* [LISTED RECORDS]
-.-.-
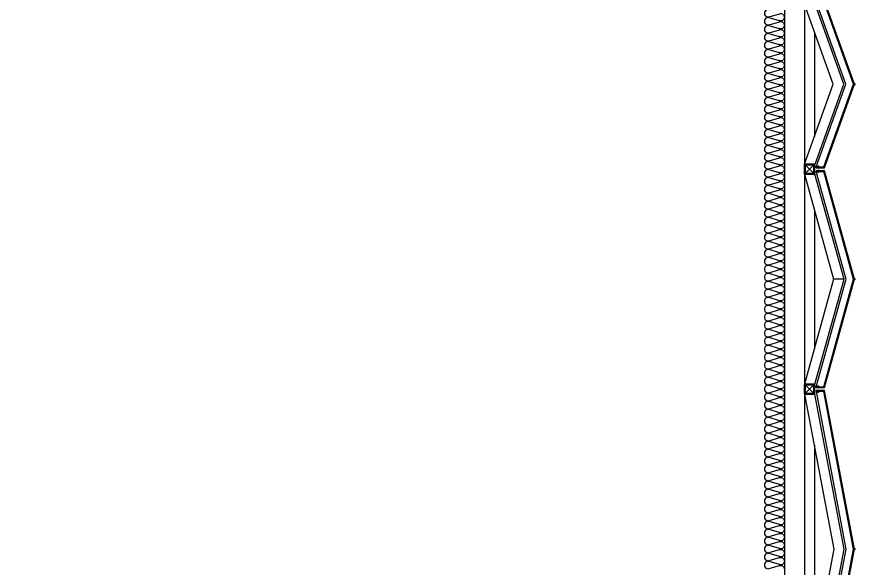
# Model space of a CAD drawing. Header units: millimetres. Extents: x -95754 to 177808, y 34455 to 150605.
# Drawn here: x 173617 to 177808, y 109509 to 112268 of the extents above; entities that cross this region are included whole.
import ezdxf

# ---------------------------------------------------------------- set-up
doc = ezdxf.new("R2010")
doc.units = ezdxf.units.MM
doc.header["$LTSCALE"] = 300
doc.linetypes.add('HID', pattern=[2.8, 1.8, -1])
for name, color, linetype in [('6FIN', 6, 'Continuous'), ('A-하지철물', 55, 'Continuous'), ('alucobond', 4, 'Continuous'), ('ISL', 251, 'Continuous'), ('mold', 4, 'Continuous'), ('SHEET', 6, 'Continuous')]:
    doc.layers.add(name, color=color, linetype=linetype)

# ---------------------------------------------------------------- blocks, each defined once
blk = doc.blocks.new('EX-850-1')
at = {"layer": '6FIN', "elevation": 0}
for points in [[(3.2, 204.1), (46.8, 204.1, 0.414214), (50, 207.3), (50, 250.9, 0.414214), (46.8, 254.1), (3.2, 254.1, 0.414214), (0, 250.9), (0, 207.3, 0.414214)], [(896.8, 204.1), (853.2, 204.1, -0.414214), (850, 207.3), (850, 250.9, -0.414214), (853.2, 254.1), (896.8, 254.1, -0.414214), (900, 250.9), (900, 207.3, -0.414214)]]:
    blk.add_lwpolyline(points, format="xyb", close=True, dxfattribs=at)
at = {"layer": 'A-하지철물'}
for p, q in [((850, 254.1), (50, 254.1)), ((710.9, 204.1), (189.1, 204.1))]:
    blk.add_line(p, q, dxfattribs=at)
at = {"layer": 'A-하지철물', "elevation": 0}
for points in [[(49.9, 254.1), (450, 110.3), (850.1, 254.1)], [(50, 204.1), (50, 200.9), (450, 57.2), (850, 200.9), (850, 204.1)]]:
    blk.add_lwpolyline(points, dxfattribs=at)
at = {"layer": 'A-하지철물'}
blk.add_circle((450, 4.1), 4.07, dxfattribs=at)
at = {"layer": 'alucobond', "color": 251, "linetype": 'HID', "ltscale": 10}
for p, q in [((30.2, 185.1), (41.5, 185.1)), ((31.5, 182.4), (31.5, 187.8)), ((31.5, 186.6), (39.5, 186.6)), ((31.5, 183.6), (39.5, 183.6)), ((32, 189.3), (32.5, 189.3)), ((32, 180.9), (32.5, 180.9)), ((32.5, 180.9), (32.5, 189.3)), ((38, 182.7), (38, 187.4)), ((39.5, 182.7), (39.5, 187.4)), ((869.8, 185.1), (858.5, 185.1)), ((860.5, 182.7), (860.5, 187.4)), ((868.5, 186.6), (860.5, 186.6)), ((868.5, 183.6), (860.5, 183.6)), ((862, 182.7), (862, 187.4)), ((867.5, 180.9), (867.5, 189.3)), ((868, 189.3), (867.5, 189.3)), ((868, 180.9), (867.5, 180.9)), ((868.5, 182.4), (868.5, 187.8))]:
    blk.add_line(p, q, dxfattribs=at)
at = {"layer": 'alucobond'}
for p, q in [((32.5, 195.1), (36.5, 195.1)), ((867.5, 195.1), (863.5, 195.1))]:
    blk.add_line(p, q, dxfattribs=at)
at = {"layer": 'alucobond', "color": 251, "linetype": 'HID', "ltscale": 10}
for points in [[(32, 189.3), (31.5, 187.8)], [(32, 180.9), (31.5, 182.4)], [(868, 189.3), (868.5, 187.8)], [(868, 180.9), (868.5, 182.4)]]:
    blk.add_lwpolyline(points, dxfattribs=at)
at = {"layer": 'alucobond', "elevation": 0}
for points in [[(32.5, 195.1), (32.5, 154.1), (450, 4.1), (867.5, 154.1), (867.5, 195.1)], [(36.5, 195.1), (36.5, 156.9), (450, 8.3), (863.5, 156.9), (863.5, 195.1)]]:
    blk.add_lwpolyline(points, dxfattribs=at)
at = {"layer": 'alucobond', "color": 251, "linetype": 'HID', "ltscale": 10, "elevation": 0}
blk.add_lwpolyline([(36.5, 195.1), (450, 46.6), (863.5, 195.1)], dxfattribs=at)
at = {"layer": 'alucobond', "color": 251, "linetype": 'HID', "ltscale": 10}
for points in [[(39.5, 186.6, -0.666667), (39.5, 183.6, -1.5)], [(860.5, 186.6, 0.666667), (860.5, 183.6, 1.5)]]:
    blk.add_lwpolyline(points, format="xyb", dxfattribs=at)
for centre, start, end in [((38.7, 187.4), 0, 180), ((38.7, 182.7), 180, 0), ((861.3, 187.4), 0, 180), ((861.3, 182.7), 180, 0)]:
    blk.add_arc(centre, 0.75, start, end, dxfattribs=at)
at = {"layer": 'mold', "color": 4}
for points in [[(25, 204.1), (25, 202.6)], [(875, 204.1), (875, 202.6)]]:
    blk.add_lwpolyline(points, dxfattribs=at)
at = {"layer": 'SHEET', "color": 8}
for p, q in [((46.8, 250.9), (3.2, 207.3)), ((3.2, 250.9), (46.8, 207.3)), ((853.2, 250.9), (896.8, 207.3)), ((896.8, 250.9), (853.2, 207.3))]:
    blk.add_line(p, q, dxfattribs=at)
at = {"layer": 'SHEET', "color": 8, "elevation": 0}
for points in [[(3.2, 207.3), (46.8, 207.3), (46.8, 250.9), (3.2, 250.9)], [(896.8, 207.3), (853.2, 207.3), (853.2, 250.9), (896.8, 250.9)]]:
    blk.add_lwpolyline(points, close=True, dxfattribs=at)
blk = doc.blocks.new('EX-1100')
at = {"layer": '6FIN', "elevation": 0}
for points in [[(3.2, 204.1), (46.8, 204.1, 0.414214), (50, 207.3), (50, 250.9, 0.414214), (46.8, 254.1), (3.2, 254.1, 0.414214), (0, 250.9), (0, 207.3, 0.414214)], [(1146.8, 204.1), (1103.2, 204.1, -0.414214), (1100, 207.3), (1100, 250.9, -0.414214), (1103.2, 254.1), (1146.8, 254.1, -0.414214), (1150, 250.9), (1150, 207.3, -0.414214)]]:
    blk.add_lwpolyline(points, format="xyb", close=True, dxfattribs=at)
at = {"layer": 'A-하지철물'}
for p, q in [((1100, 254.1), (50, 254.1)), ((923.1, 204.1), (226.9, 204.1)), ((575, 55.9), (575, 107.8))]:
    blk.add_line(p, q, dxfattribs=at)
at = {"layer": 'A-하지철물', "elevation": 0}
blk.add_lwpolyline([(1100, 201.1), (1100, 253), (575, 107.8), (50, 253), (50, 201.1), (575, 55.9)], close=True, dxfattribs=at)
at = {"layer": 'A-하지철물'}
blk.add_circle((575, 4.1), 4.07, dxfattribs=at)
at = {"layer": 'alucobond', "color": 251, "linetype": 'HID', "ltscale": 10}
for p, q in [((30.2, 185.1), (41.5, 185.1)), ((31.5, 182.4), (31.5, 187.8)), ((31.5, 186.6), (39.5, 186.6)), ((31.5, 183.6), (39.5, 183.6)), ((32, 189.3), (32.5, 189.3)), ((32, 180.9), (32.5, 180.9)), ((32.5, 180.9), (32.5, 189.3)), ((38, 182.7), (38, 187.4)), ((39.5, 182.7), (39.5, 187.4)), ((1119.8, 185.1), (1108.5, 185.1)), ((1110.5, 182.7), (1110.5, 187.4)), ((1118.5, 186.6), (1110.5, 186.6)), ((1118.5, 183.6), (1110.5, 183.6)), ((1112, 182.7), (1112, 187.4)), ((1117.5, 180.9), (1117.5, 189.3)), ((1118, 189.3), (1117.5, 189.3)), ((1118, 180.9), (1117.5, 180.9)), ((1118.5, 182.4), (1118.5, 187.8))]:
    blk.add_line(p, q, dxfattribs=at)
at = {"layer": 'alucobond'}
for p, q in [((32.5, 195.1), (36.5, 195.1)), ((1117.5, 195.1), (1113.5, 195.1))]:
    blk.add_line(p, q, dxfattribs=at)
at = {"layer": 'alucobond', "color": 251, "linetype": 'HID', "ltscale": 10, "elevation": 0}
for points in [[(32, 189.3), (31.5, 187.8)], [(32, 180.9), (31.5, 182.4)], [(36.5, 194.5), (575, 45.6), (1113.5, 194.5)], [(1118, 189.3), (1118.5, 187.8)], [(1118, 180.9), (1118.5, 182.4)]]:
    blk.add_lwpolyline(points, dxfattribs=at)
at = {"layer": 'alucobond', "elevation": 0}
for points in [[(32.5, 195.1), (32.5, 154.1), (575, 4.1), (1117.5, 154.1), (1117.5, 195.1)], [(36.5, 195.1), (36.5, 157.1), (575, 8.2), (1113.5, 157.1), (1113.5, 195.1)], [(1113.5, 195.1), (1113.5, 157.2)]]:
    blk.add_lwpolyline(points, dxfattribs=at)
at = {"layer": 'alucobond', "color": 251, "linetype": 'HID', "ltscale": 10, "elevation": 0}
for points in [[(39.5, 186.6, -0.666667), (39.5, 183.6, -1.5)], [(1110.5, 186.6, 0.666667), (1110.5, 183.6, 1.5)]]:
    blk.add_lwpolyline(points, format="xyb", dxfattribs=at)
at = {"layer": 'alucobond', "color": 251, "linetype": 'HID', "ltscale": 10}
for centre, start, end in [((38.7, 187.4), 0, 180), ((38.7, 182.7), 180, 0), ((1111.3, 187.4), 0, 180), ((1111.3, 182.7), 180, 0)]:
    blk.add_arc(centre, 0.75, start, end, dxfattribs=at)
at = {"layer": 'mold', "color": 4, "elevation": 0}
for points in [[(25, 204.1), (25, 202.6)], [(1125, 204.1), (1125, 202.6)]]:
    blk.add_lwpolyline(points, dxfattribs=at)
at = {"layer": 'SHEET', "color": 8}
for p, q in [((46.8, 250.9), (3.2, 207.3)), ((3.2, 250.9), (46.8, 207.3)), ((1103.2, 250.9), (1146.8, 207.3)), ((1146.8, 250.9), (1103.2, 207.3))]:
    blk.add_line(p, q, dxfattribs=at)
at = {"layer": 'SHEET', "color": 8, "elevation": 0}
for points in [[(3.2, 207.3), (46.8, 207.3), (46.8, 250.9), (3.2, 250.9)], [(1146.8, 207.3), (1103.2, 207.3), (1103.2, 250.9), (1146.8, 250.9)]]:
    blk.add_lwpolyline(points, close=True, dxfattribs=at)
blk = doc.blocks.new('EX-1600')
at = {"layer": '6FIN', "elevation": 0}
for points in [[(3.2, 204.1), (46.8, 204.1, 0.414214), (50, 207.3), (50, 250.9, 0.414214), (46.8, 254.1), (3.2, 254.1, 0.414214), (0, 250.9), (0, 207.3, 0.414214)], [(1646.8, 204.1), (1603.2, 204.1, -0.414214), (1600, 207.3), (1600, 250.9, -0.414214), (1603.2, 254.1), (1646.8, 254.1, -0.414214), (1650, 250.9), (1650, 207.3, -0.414214)]]:
    blk.add_lwpolyline(points, format="xyb", close=True, dxfattribs=at)
at = {"layer": 'A-하지철물'}
for p, q in [((1600, 254.1), (50, 254.1)), ((1344, 204.1), (306, 204.1))]:
    blk.add_line(p, q, dxfattribs=at)
at = {"layer": 'A-하지철물', "elevation": 0}
for points in [[(41.9, 254.1), (825, 105.8), (1608.1, 254.1)], [(50, 204.1), (50, 201.6), (825, 55), (1600, 201.6), (1600, 204.1)]]:
    blk.add_lwpolyline(points, dxfattribs=at)
at = {"layer": 'A-하지철물'}
blk.add_circle((825, 4.1), 4.07, dxfattribs=at)
at = {"layer": 'alucobond', "color": 251, "linetype": 'HID', "ltscale": 10}
for p, q in [((30.2, 185.1), (41.5, 185.1)), ((31.5, 182.4), (31.5, 187.8)), ((31.5, 186.6), (39.5, 186.6)), ((31.5, 183.6), (39.5, 183.6)), ((32, 189.3), (32.5, 189.3)), ((32, 180.9), (32.5, 180.9)), ((32.5, 180.9), (32.5, 189.3)), ((38, 182.7), (38, 187.4)), ((39.5, 182.7), (39.5, 187.4)), ((1619.8, 185.1), (1608.5, 185.1)), ((1610.5, 182.7), (1610.5, 187.4)), ((1618.5, 186.6), (1610.5, 186.6)), ((1618.5, 183.6), (1610.5, 183.6)), ((1612, 182.7), (1612, 187.4)), ((1617.5, 180.9), (1617.5, 189.3)), ((1618, 189.3), (1617.5, 189.3)), ((1618, 180.9), (1617.5, 180.9)), ((1618.5, 182.4), (1618.5, 187.8))]:
    blk.add_line(p, q, dxfattribs=at)
at = {"layer": 'alucobond'}
for p, q in [((32.5, 195.1), (36.5, 195.1)), ((1617.5, 195.1), (1613.5, 195.1))]:
    blk.add_line(p, q, dxfattribs=at)
at = {"layer": 'alucobond', "color": 251, "linetype": 'HID', "ltscale": 10}
for points in [[(32, 189.3), (31.5, 187.8)], [(32, 180.9), (31.5, 182.4)]]:
    blk.add_lwpolyline(points, dxfattribs=at)
at = {"layer": 'alucobond', "elevation": 0}
for points in [[(32.5, 195.1), (32.5, 154.1), (825, 4.1), (1617.5, 154.1), (1617.5, 195.1)], [(36.5, 195.1), (36.5, 157.4), (825, 8.1), (1613.5, 157.4), (1613.5, 195.1)]]:
    blk.add_lwpolyline(points, dxfattribs=at)
at = {"layer": 'alucobond', "color": 251, "linetype": 'HID', "ltscale": 10, "elevation": 0}
for points in [[(36.5, 194), (825, 44.8), (1613.5, 194)], [(1618, 189.3), (1618.5, 187.8)], [(1618, 180.9), (1618.5, 182.4)]]:
    blk.add_lwpolyline(points, dxfattribs=at)
at = {"layer": 'alucobond', "color": 251, "linetype": 'HID', "ltscale": 10}
blk.add_lwpolyline([(39.5, 186.6, -0.666667), (39.5, 183.6, -1.5)], format="xyb", dxfattribs=at)
at = {"layer": 'alucobond', "color": 251, "linetype": 'HID', "ltscale": 10, "elevation": 0}
blk.add_lwpolyline([(1610.5, 186.6, 0.666667), (1610.5, 183.6, 1.5)], format="xyb", dxfattribs=at)
at = {"layer": 'alucobond', "color": 251, "linetype": 'HID', "ltscale": 10}
for centre, start, end in [((38.7, 187.4), 0, 180), ((38.7, 182.7), 180, 0), ((1611.3, 187.4), 0, 180), ((1611.3, 182.7), 180, 0)]:
    blk.add_arc(centre, 0.75, start, end, dxfattribs=at)
at = {"layer": 'mold', "color": 4}
blk.add_lwpolyline([(25, 204.1), (25, 202.6)], dxfattribs=at)
at = {"layer": 'mold', "color": 4, "elevation": 0}
blk.add_lwpolyline([(1625, 204.1), (1625, 202.6)], dxfattribs=at)
at = {"layer": 'SHEET', "color": 8}
for p, q in [((46.8, 250.9), (3.2, 207.3)), ((3.2, 250.9), (46.8, 207.3)), ((1603.2, 250.9), (1646.8, 207.3)), ((1646.8, 250.9), (1603.2, 207.3))]:
    blk.add_line(p, q, dxfattribs=at)
at = {"layer": 'SHEET', "color": 8, "elevation": 0}
for points in [[(3.2, 207.3), (46.8, 207.3), (46.8, 250.9), (3.2, 250.9)], [(1646.8, 207.3), (1603.2, 207.3), (1603.2, 250.9), (1646.8, 250.9)]]:
    blk.add_lwpolyline(points, close=True, dxfattribs=at)

msp = doc.modelspace()

# ---------------------------------------------------------------- linework, layer by layer
at = {"layer": 'ISL', "elevation": 0}
msp.add_lwpolyline([(177453.6, 135425), (177453.6, 107105), (92053.6, 107105), (92053.6, 121780)], dxfattribs=at)
msp.add_lwpolyline([(177377.8, 112302.7, 1.372593), (177377.8, 112267.3), (177429.3, 112282.7, -0.509267), (177453.6, 112265, -0.509267), (177429.3, 112247.3), (177377.8, 112262.7, 1.372593), (177377.8, 112227.3), (177429.3, 112242.7, -0.509267), (177453.6, 112225, -0.509267), (177429.3, 112207.3), (177377.8, 112222.7, 1.372593), (177377.8, 112187.3), (177429.3, 112202.7, -0.509267), (177453.6, 112185, -0.509267), (177429.3, 112167.3), (177377.8, 112182.7, 1.372593), (177377.8, 112147.3), (177429.3, 112162.7, -0.509267), (177453.6, 112145, -0.509267), (177429.3, 112127.3), (177377.8, 112142.7, 1.372593), (177377.8, 112107.3), (177429.3, 112122.7, -0.509267), (177453.6, 112105, -0.509267), (177429.3, 112087.3), (177377.8, 112102.7, 1.372593), (177377.8, 112067.3), (177429.3, 112082.7, -0.509267), (177453.6, 112065, -0.509267), (177429.3, 112047.3), (177377.8, 112062.7, 1.372593), (177377.8, 112027.3), (177429.3, 112042.7, -0.509267), (177453.6, 112025, -0.509267), (177429.3, 112007.3), (177377.8, 112022.7, 1.372593), (177377.8, 111987.3), (177429.3, 112002.7, -0.509267), (177453.6, 111985, -0.509267), (177429.3, 111967.3), (177377.8, 111982.7, 1.372593), (177377.8, 111947.3), (177429.3, 111962.7, -0.509267), (177453.6, 111945, -0.509267), (177429.3, 111927.3), (177377.8, 111942.7, 1.372593), (177377.8, 111907.3), (177429.3, 111922.7, -0.509267), (177453.6, 111905, -0.509267), (177429.3, 111887.3), (177377.8, 111902.7, 1.372593), (177377.8, 111867.3), (177429.3, 111882.7, -0.509267), (177453.6, 111865, -0.509267), (177429.3, 111847.3), (177377.8, 111862.7, 1.372593), (177377.8, 111827.3), (177429.3, 111842.7, -0.509267), (177453.6, 111825, -0.509267), (177429.3, 111807.3), (177377.8, 111822.7, 1.372593), (177377.8, 111787.3), (177429.3, 111802.7, -0.509267), (177453.6, 111785, -0.509267), (177429.3, 111767.3), (177377.8, 111782.7, 1.372593), (177377.8, 111747.3), (177429.3, 111762.7, -0.509267), (177453.6, 111745, -0.509267), (177429.3, 111727.3), (177377.8, 111742.7, 1.372593), (177377.8, 111707.3), (177429.3, 111722.7, -0.509267), (177453.6, 111705, -0.509267), (177429.3, 111687.3), (177377.8, 111702.7, 1.372593), (177377.8, 111667.3), (177429.3, 111682.7, -0.509267), (177453.6, 111665, -0.509267), (177429.3, 111647.3), (177377.8, 111662.7, 1.372593), (177377.8, 111627.3), (177429.3, 111642.7, -0.509267), (177453.6, 111625, -0.509267), (177429.3, 111607.3), (177377.8, 111622.7, 1.372593), (177377.8, 111587.3), (177429.3, 111602.7, -0.509267), (177453.6, 111585, -0.509267), (177429.3, 111567.3), (177377.8, 111582.7, 1.372593), (177377.8, 111547.3), (177429.3, 111562.7, -0.509267), (177453.6, 111545, -0.509267), (177429.3, 111527.3), (177377.8, 111542.7, 1.372593), (177377.8, 111507.3), (177429.3, 111522.7, -0.509267), (177453.6, 111505, -0.509267), (177429.3, 111487.3), (177377.8, 111502.7, 1.372593), (177377.8, 111467.3), (177429.3, 111482.7, -0.509267), (177453.6, 111465, -0.509267), (177429.3, 111447.3), (177377.8, 111462.7, 1.372593), (177377.8, 111427.3), (177429.3, 111442.7, -0.509267), (177453.6, 111425, -0.509267), (177429.3, 111407.3), (177377.8, 111422.7, 1.372593), (177377.8, 111387.3), (177429.3, 111402.7, -0.509267), (177453.6, 111385, -0.509267), (177429.3, 111367.3), (177377.8, 111382.7, 1.372593), (177377.8, 111347.3), (177429.3, 111362.7, -0.509267), (177453.6, 111345, -0.509267), (177429.3, 111327.3), (177377.8, 111342.7, 1.372593), (177377.8, 111307.3), (177429.3, 111322.7, -0.509267), (177453.6, 111305, -0.509267), (177429.3, 111287.3), (177377.8, 111302.7, 1.372593), (177377.8, 111267.3), (177429.3, 111282.7, -0.509267), (177453.6, 111265, -0.509267), (177429.3, 111247.3), (177377.8, 111262.7, 1.372593), (177377.8, 111227.3), (177429.3, 111242.7, -0.509267), (177453.6, 111225, -0.509267), (177429.3, 111207.3), (177377.8, 111222.7, 1.372593), (177377.8, 111187.3), (177429.3, 111202.7, -0.509267), (177453.6, 111185, -0.509267), (177429.3, 111167.3), (177377.8, 111182.7, 1.372593), (177377.8, 111147.3), (177429.3, 111162.7, -0.509267), (177453.6, 111145, -0.509267), (177429.3, 111127.3), (177377.8, 111142.7, 1.372593), (177377.8, 111107.3), (177429.3, 111122.7, -0.509267), (177453.6, 111105, -0.509267), (177429.3, 111087.3), (177377.8, 111102.7, 1.372593), (177377.8, 111067.3), (177429.3, 111082.7, -0.509267), (177453.6, 111065, -0.509267), (177429.3, 111047.3), (177377.8, 111062.7, 1.372593), (177377.8, 111027.3), (177429.3, 111042.7, -0.509267), (177453.6, 111025, -0.509267), (177429.3, 111007.3), (177377.8, 111022.7, 1.372593), (177377.8, 110987.3), (177429.3, 111002.7, -0.509267), (177453.6, 110985, -0.509267), (177429.3, 110967.3), (177377.8, 110982.7, 1.372593), (177377.8, 110947.3), (177429.3, 110962.7, -0.509267), (177453.6, 110945, -0.509267), (177429.3, 110927.3), (177377.8, 110942.7, 1.372593), (177377.8, 110907.3), (177429.3, 110922.7, -0.509267), (177453.6, 110905, -0.509267), (177429.3, 110887.3), (177377.8, 110902.7, 1.372593), (177377.8, 110867.3), (177429.3, 110882.7, -0.509267), (177453.6, 110865, -0.509267), (177429.3, 110847.3), (177377.8, 110862.7, 1.372593), (177377.8, 110827.3), (177429.3, 110842.7, -0.509267), (177453.6, 110825, -0.509267), (177429.3, 110807.3), (177377.8, 110822.7, 1.372593), (177377.8, 110787.3), (177429.3, 110802.7, -0.509267), (177453.6, 110785, -0.509267), (177429.3, 110767.3), (177377.8, 110782.7, 1.372593), (177377.8, 110747.3), (177429.3, 110762.7, -0.509267), (177453.6, 110745, -0.509267), (177429.3, 110727.3), (177377.8, 110742.7, 1.372593), (177377.8, 110707.3), (177429.3, 110722.7, -0.509267), (177453.6, 110705, -0.509267), (177429.3, 110687.3), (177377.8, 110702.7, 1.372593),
-.-.-
* [TASK DESCRIPTION] Working through the records above, copy each line in which "units" is found.

* [TASK SOLUTION]
# Model space of a CAD drawing. Header units: millimetres. Extents: x -95754 to 177808, y 34455 to 150605.
doc.units = ezdxf.units.MM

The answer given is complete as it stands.